Very good, but your this description on how you found this is in the wrong section, so this appears to lack description Sf3014 (talk) 12:48, 25 May 2020 (BST)
Report the activation energy for both reactions.
In the form of HF + H, potential energy =- 560.642 kJ/mol In the form o H2 + F, potential energy = -434.922 kJ/mol
Therefore compared with the TS potential energy (-433.980 kJ/mol): for HF + H to reach the TS, the activation energy is 126.02 kJ/mol; for H2 + F to reach the TS, the activation energy is 0.942 kJ/mol.
Very good Sf3014 (talk) 12:50, 25 May 2020 (BST)
Reaction Dynamics
In light of the fact that energy is conserved, discuss the mechanism of release of the reaction energy. Explain how this could be confirmed experimentally.
For the exothermic reaction, in this case, the F + H2, energy is released into vibrational energy of product HF. When F approaches H, the repulsion between H-H is released. The released repulsive energy pushes H towards H and produces H-F vibration. [1]
This could be confirmed experimentally through Infrared Chemiluminescence. [3]The relative gain on many lines within several vibrational bands could be determined and hence direct measurements of the relative vibrational population in v = 0 can be obtained. We would, therefore, be able to see that the v=2 vibrational level is highly populated (strong peak at v = 2).
We could also use chemical laser to characterise the HF laser produced. Most of the HF is formed in the v=2 state, thus, the reaction creates an absolute inversion between v=2, v=1, and v=0. The output spectra of pulsed HF lasers showed that more than 60% of the reaction energy is released as vibrational excitation of the HF. [4]
Good but some visual aid would be great for you descriptions on the experiments. Also, how do you know the that the energy for the exothermic reaction is being converted into vibrational energy? Use the relevant plots from your simulations to support your statement Sf3014 (talk) 12:56, 25 May 2020 (BST)

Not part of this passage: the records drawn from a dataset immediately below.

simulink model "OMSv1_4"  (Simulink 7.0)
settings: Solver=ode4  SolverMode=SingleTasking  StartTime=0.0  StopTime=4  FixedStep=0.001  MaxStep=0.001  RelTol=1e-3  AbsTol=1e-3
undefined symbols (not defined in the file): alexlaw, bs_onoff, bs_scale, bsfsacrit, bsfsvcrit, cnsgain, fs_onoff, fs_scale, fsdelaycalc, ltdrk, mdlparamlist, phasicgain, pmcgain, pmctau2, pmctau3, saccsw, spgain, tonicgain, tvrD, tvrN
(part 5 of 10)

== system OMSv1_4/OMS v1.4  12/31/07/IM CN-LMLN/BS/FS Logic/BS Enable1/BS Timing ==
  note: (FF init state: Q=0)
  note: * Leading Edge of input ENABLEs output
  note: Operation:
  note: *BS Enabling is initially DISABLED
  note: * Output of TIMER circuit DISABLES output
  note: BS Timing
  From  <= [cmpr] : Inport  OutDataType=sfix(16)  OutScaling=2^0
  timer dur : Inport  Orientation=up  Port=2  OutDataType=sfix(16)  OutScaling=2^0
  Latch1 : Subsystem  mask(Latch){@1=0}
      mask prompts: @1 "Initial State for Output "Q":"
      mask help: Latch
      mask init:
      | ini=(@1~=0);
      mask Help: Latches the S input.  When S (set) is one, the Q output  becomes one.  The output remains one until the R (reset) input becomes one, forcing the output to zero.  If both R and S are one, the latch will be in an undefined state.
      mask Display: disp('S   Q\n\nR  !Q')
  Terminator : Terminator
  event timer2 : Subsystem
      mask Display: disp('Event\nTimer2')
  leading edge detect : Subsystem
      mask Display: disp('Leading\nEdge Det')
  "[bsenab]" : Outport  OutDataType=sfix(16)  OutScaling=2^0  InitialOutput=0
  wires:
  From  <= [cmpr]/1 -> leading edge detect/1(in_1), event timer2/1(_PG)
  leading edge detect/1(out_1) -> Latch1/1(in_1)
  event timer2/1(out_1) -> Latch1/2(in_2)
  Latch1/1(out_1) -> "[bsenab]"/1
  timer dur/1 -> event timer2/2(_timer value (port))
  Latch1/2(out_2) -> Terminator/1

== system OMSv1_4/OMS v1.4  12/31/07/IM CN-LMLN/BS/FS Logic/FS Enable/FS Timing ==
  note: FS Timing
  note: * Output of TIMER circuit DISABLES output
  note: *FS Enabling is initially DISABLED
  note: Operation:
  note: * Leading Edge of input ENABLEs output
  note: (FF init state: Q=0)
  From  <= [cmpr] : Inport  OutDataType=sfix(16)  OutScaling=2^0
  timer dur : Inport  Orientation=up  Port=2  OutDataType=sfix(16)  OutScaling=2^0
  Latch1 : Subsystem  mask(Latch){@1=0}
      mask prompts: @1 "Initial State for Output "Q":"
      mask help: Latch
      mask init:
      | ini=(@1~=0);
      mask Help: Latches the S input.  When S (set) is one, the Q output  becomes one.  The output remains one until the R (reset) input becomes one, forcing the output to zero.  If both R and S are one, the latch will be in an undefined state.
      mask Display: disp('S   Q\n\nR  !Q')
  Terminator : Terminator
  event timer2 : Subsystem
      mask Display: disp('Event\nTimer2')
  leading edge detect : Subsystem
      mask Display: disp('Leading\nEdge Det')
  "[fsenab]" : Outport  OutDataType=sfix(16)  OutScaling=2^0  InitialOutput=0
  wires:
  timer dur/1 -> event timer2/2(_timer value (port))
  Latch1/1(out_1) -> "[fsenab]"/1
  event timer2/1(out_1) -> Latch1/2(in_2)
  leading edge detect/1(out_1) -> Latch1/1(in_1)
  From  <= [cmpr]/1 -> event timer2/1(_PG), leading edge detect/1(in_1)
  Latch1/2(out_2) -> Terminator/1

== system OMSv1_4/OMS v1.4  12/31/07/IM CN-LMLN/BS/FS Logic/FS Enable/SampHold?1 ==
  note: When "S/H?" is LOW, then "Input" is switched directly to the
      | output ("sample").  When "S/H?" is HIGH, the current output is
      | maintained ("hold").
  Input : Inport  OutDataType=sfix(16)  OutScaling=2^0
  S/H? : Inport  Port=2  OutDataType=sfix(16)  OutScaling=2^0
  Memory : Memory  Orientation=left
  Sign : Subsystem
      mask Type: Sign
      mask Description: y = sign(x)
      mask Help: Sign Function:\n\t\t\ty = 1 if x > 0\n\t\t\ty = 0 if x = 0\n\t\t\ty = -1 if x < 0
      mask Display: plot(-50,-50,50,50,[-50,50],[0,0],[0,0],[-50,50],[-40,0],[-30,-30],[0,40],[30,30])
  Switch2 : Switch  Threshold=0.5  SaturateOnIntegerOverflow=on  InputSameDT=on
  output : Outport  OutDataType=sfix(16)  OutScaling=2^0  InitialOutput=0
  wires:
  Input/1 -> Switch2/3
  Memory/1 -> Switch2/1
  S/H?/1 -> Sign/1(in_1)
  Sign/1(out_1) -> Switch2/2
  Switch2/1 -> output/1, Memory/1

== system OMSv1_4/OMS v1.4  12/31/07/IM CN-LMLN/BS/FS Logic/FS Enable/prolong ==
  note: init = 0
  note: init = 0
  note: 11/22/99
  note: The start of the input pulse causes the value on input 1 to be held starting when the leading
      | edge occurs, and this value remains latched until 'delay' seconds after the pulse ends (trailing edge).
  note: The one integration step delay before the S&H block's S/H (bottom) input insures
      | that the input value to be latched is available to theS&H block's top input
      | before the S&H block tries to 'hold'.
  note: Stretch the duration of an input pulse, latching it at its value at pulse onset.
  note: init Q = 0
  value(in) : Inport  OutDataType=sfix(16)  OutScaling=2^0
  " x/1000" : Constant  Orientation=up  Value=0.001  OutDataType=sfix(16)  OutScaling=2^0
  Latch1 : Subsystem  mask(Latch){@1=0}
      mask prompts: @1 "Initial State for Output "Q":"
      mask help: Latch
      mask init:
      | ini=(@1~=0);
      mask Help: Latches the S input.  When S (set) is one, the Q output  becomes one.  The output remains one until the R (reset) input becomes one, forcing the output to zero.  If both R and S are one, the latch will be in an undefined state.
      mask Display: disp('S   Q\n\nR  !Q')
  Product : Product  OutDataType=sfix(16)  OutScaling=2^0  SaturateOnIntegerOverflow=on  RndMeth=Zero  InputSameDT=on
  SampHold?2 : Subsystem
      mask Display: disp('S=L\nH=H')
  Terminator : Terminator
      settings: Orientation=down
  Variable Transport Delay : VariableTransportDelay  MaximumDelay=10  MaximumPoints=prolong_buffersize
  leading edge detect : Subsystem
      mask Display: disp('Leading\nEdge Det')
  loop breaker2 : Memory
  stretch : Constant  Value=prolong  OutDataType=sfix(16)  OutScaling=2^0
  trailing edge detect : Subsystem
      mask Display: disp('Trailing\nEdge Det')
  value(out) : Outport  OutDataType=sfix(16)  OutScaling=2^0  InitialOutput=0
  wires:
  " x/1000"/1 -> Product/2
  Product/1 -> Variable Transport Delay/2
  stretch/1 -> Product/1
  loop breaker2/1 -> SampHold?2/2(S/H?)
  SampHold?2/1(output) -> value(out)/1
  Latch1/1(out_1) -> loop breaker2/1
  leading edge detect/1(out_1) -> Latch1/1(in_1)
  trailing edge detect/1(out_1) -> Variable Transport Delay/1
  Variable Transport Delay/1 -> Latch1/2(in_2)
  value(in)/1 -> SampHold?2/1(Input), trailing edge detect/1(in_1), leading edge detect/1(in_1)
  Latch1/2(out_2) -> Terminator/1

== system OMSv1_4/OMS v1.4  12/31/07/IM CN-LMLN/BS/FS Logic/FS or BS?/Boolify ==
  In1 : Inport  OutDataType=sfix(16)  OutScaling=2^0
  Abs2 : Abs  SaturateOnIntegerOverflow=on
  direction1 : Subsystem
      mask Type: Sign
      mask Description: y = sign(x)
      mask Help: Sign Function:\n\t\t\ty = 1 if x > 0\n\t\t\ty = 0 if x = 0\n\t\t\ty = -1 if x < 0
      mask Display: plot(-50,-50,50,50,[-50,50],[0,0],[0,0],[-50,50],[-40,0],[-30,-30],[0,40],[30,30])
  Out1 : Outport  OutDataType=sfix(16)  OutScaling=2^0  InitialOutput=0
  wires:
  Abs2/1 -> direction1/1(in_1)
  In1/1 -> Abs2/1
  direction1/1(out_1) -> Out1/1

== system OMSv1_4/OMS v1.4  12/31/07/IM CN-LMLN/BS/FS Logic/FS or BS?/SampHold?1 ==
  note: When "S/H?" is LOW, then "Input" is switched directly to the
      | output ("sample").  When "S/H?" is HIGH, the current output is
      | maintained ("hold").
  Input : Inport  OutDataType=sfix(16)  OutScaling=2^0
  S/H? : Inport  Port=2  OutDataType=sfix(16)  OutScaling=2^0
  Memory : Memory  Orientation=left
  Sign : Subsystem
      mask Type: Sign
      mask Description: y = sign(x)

Discuss how the distribution of energy between different modes (translation and vibration) affect the efficiency of the reaction, and how this is influenced by the position of the transition state.
For H2 + F system, translational energy is more effective for activating the reaction: Under the conditions illustrated by Picture 1 below, activation barrier was easily crossed by applying translational energy, and the translational energy was converted into product's vibrational energy; c.f. under the conditions illustrated by Picture 2, even when a large amount of vibrational energy was put into the system, the reactants remain unreactive.
For HF + H system, vibrational energy is more effective for activating the reaction: Under the conditions illustrated by Picture 3 below, activation barrier was easily crossed by applying vibrational energy.
Translational energy is most effective for passage across an early TS, whereas reactant vibrational energy far in excess of the barrier height may be ineffective for reaction. Conversely, a late TS is best crossed by vibrational energy in the reactants. [1]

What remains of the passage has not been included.